LOAD DATA LOCAL INFILE '/path/to/inbounddata/data/2009-03-13/traveldata.csv'

Hey, that worked great on an echo/output -- I'm going to do some tests on a dummy table and hopefully it'll be fine!.

I've tried it this on the actual .sql file which holds the load data stuff;

LOAD DATA LOCAL INFILE '/path/to/inbounddata/data/$(date +%Y-%m-%d)/traveldata.csv'

But I get this error;

Seems like I cannot mix and match MySQL/Shell commands inside .sql files. I tried putting the mysql date function, but this doesn't appear to work either.

Just to clarify, this is what my process is.

  1. Use sh to extract contents of a zip file to a date based folder (YYYY-MM-DD)
  2. Use sh to run a mysql import command
mysql -u someroot -psomepassword -h localhost somedb < /path/to/csv_import.sql
  1. Import the CSV file into MySQL. The csv_import.sql is a really big long file where the LOAD DATA LOCAL INFILE exists. It needs to get the date of the latest csv file extracted.

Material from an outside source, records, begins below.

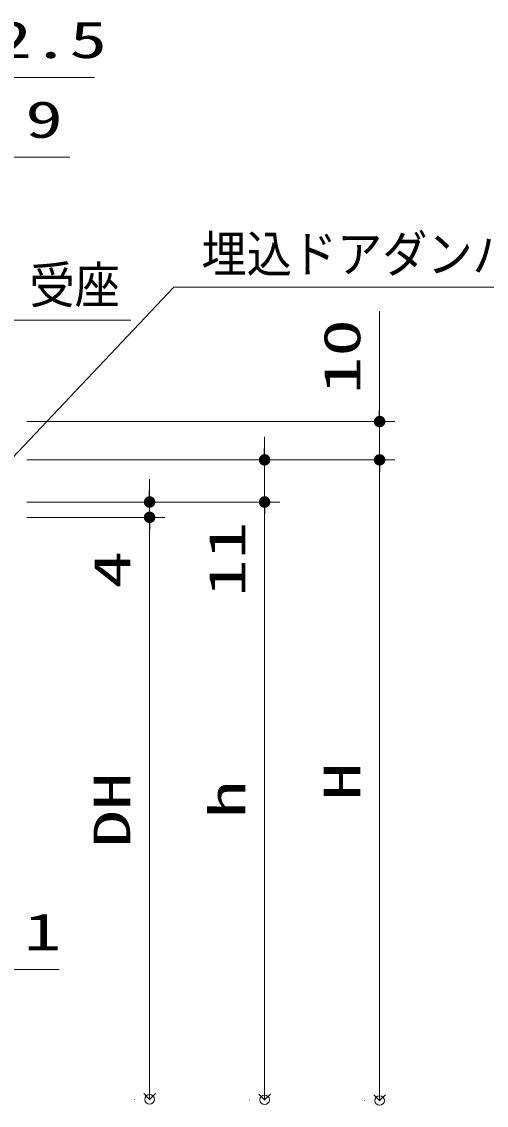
# Model space of a CAD drawing. Units: millimetres, scale not verified. Extents: x -1306 to 1306, y -607 to 607.
# Drawn here: x 26.3 to 147.5, y -306.8 to -24.1 of the extents above; entities that cross this region are included whole.
import ezdxf
from ezdxf.enums import TextEntityAlignment as Align

# ---------------------------------------------------------------- set-up
doc = ezdxf.new("R2010")
doc.units = ezdxf.units.MM
doc.header["$LTSCALE"] = 5
doc.header["$PDMODE"] = 32
doc.header["$PDSIZE"] = 2.5
for name, color, linetype, lineweight in [('0-D_線(白)', 7, 'Continuous', 30), ('1-1_寸法線', 3, 'Continuous', 13), ('1-4_DEFPOINTS', 7, 'Continuous', 5), ('1-5_0', 3, 'Continuous', 25)]:
    doc.layers.add(name, color=color, linetype=linetype, lineweight=lineweight)
doc.styles.add('ＭＳ ゴシック', font='')
doc.styles.get('ＭＳ ゴシック').set_extended_font_data('MS Gothic')

# ---------------------------------------------------------------- blocks, each defined once
blk = doc.blocks.new('_DOT')
at = {"layer": '1-5_0'}
blk.add_line((-2.5, 0), (-5, 0), dxfattribs=at)
for points in [[(0, 0), (-2.5, 0), (-2.48, 0.313)], [(0, 0), (-2.48, -0.313), (-2.5, 0)], [(0, 0), (-2.48, 0.313), (-2.421, 0.622)], [(0, 0), (-2.421, -0.622), (-2.48, -0.313)], [(0, 0), (-2.421, 0.622), (-2.324, 0.92)], [(0, 0), (-2.324, -0.92), (-2.421, -0.622)], [(0, 0), (-2.324, 0.92), (-2.191, 1.204)], [(0, 0), (-2.191, -1.204), (-2.324, -0.92)], [(0, 0), (-2.191, 1.204), (-2.023, 1.469)], [(0, 0), (-2.023, -1.469), (-2.191, -1.204)], [(0, 0), (-2.023, 1.469), (-1.822, 1.711)], [(0, 0), (-1.822, -1.711), (-2.023, -1.469)], [(0, 0), (-1.822, 1.711), (-1.594, 1.926)], [(0, 0), (-1.594, -1.926), (-1.822, -1.711)], [(0, 0), (-1.594, 1.926), (-1.34, 2.111)], [(0, 0), (-1.34, -2.111), (-1.594, -1.926)], [(0, 0), (-1.34, 2.111), (-1.064, 2.262)], [(0, 0), (-1.064, -2.262), (-1.34, -2.111)], [(0, 0), (-1.064, 2.262), (-0.773, 2.378)], [(0, 0), (-0.773, -2.378), (-1.064, -2.262)], [(0, 0), (-0.773, 2.378), (-0.468, 2.456)], [(0, 0), (-0.468, -2.456), (-0.773, -2.378)], [(0, 0), (-0.468, 2.456), (-0.157, 2.495)], [(0, 0), (-0.157, -2.495), (-0.468, -2.456)], [(0, 0), (-0.157, 2.495), (0.157, 2.495)], [(0, 0), (0.157, -2.495), (-0.157, -2.495)], [(0, 0), (0.157, 2.495), (0.468, 2.456)], [(0, 0), (0.468, 2.456), (0.773, 2.378)], [(0, 0), (0.773, 2.378), (1.064, 2.262)], [(0, 0), (1.064, 2.262), (1.34, 2.111)], [(0, 0), (1.34, 2.111), (1.594, 1.926)], [(0, 0), (1.594, 1.926), (1.822, 1.711)], [(0, 0), (1.822, 1.711), (2.023, 1.469)], [(0, 0), (2.023, 1.469), (2.191, 1.204)], [(0, 0), (2.191, 1.204), (2.324, 0.92)], [(0, 0), (2.324, 0.92), (2.421, 0.622)], [(0, 0), (2.421, 0.622), (2.48, 0.313)], [(0, 0), (2.48, 0.313), (2.5, 0)], [(0, 0), (0.468, -2.456), (0.157, -2.495)], [(0, 0), (0.773, -2.378), (0.468, -2.456)], [(0, 0), (1.064, -2.262), (0.773, -2.378)], [(0, 0), (1.34, -2.111), (1.064, -2.262)], [(0, 0), (1.594, -1.926), (1.34, -2.111)], [(0, 0), (1.822, -1.711), (1.594, -1.926)], [(0, 0), (2.023, -1.469), (1.822, -1.711)], [(0, 0), (2.191, -1.204), (2.023, -1.469)], [(0, 0), (2.324, -0.92), (2.191, -1.204)], [(0, 0), (2.421, -0.622), (2.324, -0.92)], [(0, 0), (2.48, -0.313), (2.421, -0.622)], [(0, 0), (2.5, 0), (2.48, -0.313)]]:
    blk.add_solid(points, dxfattribs=at)
blk = doc.blocks.new('_Open90')
at = {"layer": '1-5_0', "lineweight": 13}
blk.add_line((0, 0), (-5, 0), dxfattribs=at)
blk.add_lwpolyline([(-2.5, 2.5), (0, 0), (-2.5, -2.5)], dxfattribs=at)

msp = doc.modelspace()

# ---------------------------------------------------------------- linework, layer by layer
at = {"layer": '0-D_線(白)'}
msp.add_line((59.698, -305.272), (59.748, -305.272), dxfattribs=at)
at = {"layer": '1-1_寸法線'}
for p, q in [((21.698, -59.401), (38.888, -59.401)), ((119.698, -125.401), (119.698, -99.639)), ((27.698, -128.401), (123.698, -128.401)), ((119.698, -138.401), (119.698, -128.401)), ((89.698, -135.401), (89.698, -132.401)), ((27.698, -138.401), (93.698, -138.401)), ((27.698, -138.401), (123.698, -138.401)), ((27.698, -138.401), (123.698, -138.401)), ((89.698, -138.401), (89.698, -149.401)), ((59.698, -146.401), (59.698, -143.401)), ((119.698, -141.401), (119.698, -144.401)), ((119.698, -302.58), (119.698, -141.401)), ((27.698, -149.401), (93.698, -149.401)), ((27.698, -149.401), (63.698, -149.401)), ((27.698, -149.401), (93.698, -149.401)), ((59.698, -149.401), (59.698, -153.401)), ((89.698, -152.401), (89.698, -175.306)), ((89.698, -302.399), (89.698, -152.401)), ((27.698, -153.401), (63.698, -153.401)), ((27.698, -153.401), (63.698, -153.401)), ((59.698, -156.401), (59.698, -174.544)), ((59.698, -302.272), (59.698, -156.401)), ((22.698, -271.384), (36.079, -271.384)), ((55.698, -305.272), (55.748, -305.272)), ((85.698, -305.399), (85.748, -305.399)), ((115.698, -305.58), (115.748, -305.58))]:
    msp.add_line(p, q, dxfattribs=at)
for points in [[(3.448, -59.401), (8.265, -38.588), (45.313, -38.588)], [(203.47, -93.364), (66.018, -93.364), (-7.802, -171.346)], [(54.761, -101.905), (22.295, -101.905), (-6.995, -136.278)]]:
    msp.add_lwpolyline(points, dxfattribs=at)
at = {"layer": '1-4_DEFPOINTS'}
for p in [(119.698, -128.401), (89.698, -138.401), (119.698, -138.401), (89.698, -149.401), (59.698, -153.401), (59.698, -153.401), (59.698, -305.272), (89.698, -305.399), (119.698, -305.58)]:
    msp.add_point(p, dxfattribs=at)

# ---------------------------------------------------------------- block references
at = {"layer": '1-1_寸法線', "xscale": 0.6, "yscale": 0.6}
for name, p, rotation in [('_DOT', (119.698, -128.401), 270), ('_DOT', (89.698, -138.401), 270), ('_DOT', (119.698, -138.401), 90), ('_DOT', (119.698, -138.401), 90), ('_DOT', (59.698, -149.401), 270), ('_DOT', (89.698, -149.401), 90), ('_DOT', (89.698, -149.401), 90), ('_DOT', (59.698, -153.401), 90), ('_DOT', (59.698, -153.401), 90), ('_Open90', (59.698, -305.272), 270), ('_Open90', (89.698, -305.399), 270), ('_Open90', (119.698, -305.58), 270)]:
    msp.add_blockref(name, p, dxfattribs=dict(at, rotation=rotation))

# ---------------------------------------------------------------- texts
at = {"layer": '1-1_寸法線', "style": 'ＭＳ ゴシック'}
for s, width, p in [('12.5', 1.5, (9.408, -36.438)), ('9', 1.5, (27.269, -57.251)), ('埋込ドアダンパー本体', 0.9, (73.227, -92.335)), ('受座', 0.9, (28.373, -100.456)), ('1', 1.5, (26.841, -269.235))]:
    msp.add_text(s, height=9.604, dxfattribs=dict(at, width=width)).set_placement(p, align=Align.BOTTOM_LEFT)
at = {"layer": '1-1_寸法線', "style": 'ＭＳ ゴシック', "width": 1.5}
for s, p in [('10', (117.548, -121.258)), ('11', (87.548, -174.163)), ('4', (57.548, -171.972)), ('H', (117.548, -227.228)), ('DH', (57.548, -239.575)), ('h', (87.548, -231.924))]:
    msp.add_text(s, height=9.604, rotation=90, dxfattribs=at).set_placement(p, align=Align.BOTTOM_LEFT)

doc.saveas('drawing.dxf')

Ideally I'd like shell to do all the heavy lifting rather than a PHP script, or perhaps there's a better way of making step 3 working?

I'm open to any ideas.

Thanks.

/path/to/inbounddata/inbounddata/data/

... is not to be taken literally. You must substitute the correct path on your system.

I know that .. I replace it with the path I use. I'm going to try again with making a date command inside a .sql file, and hopefully I can resolve the issue.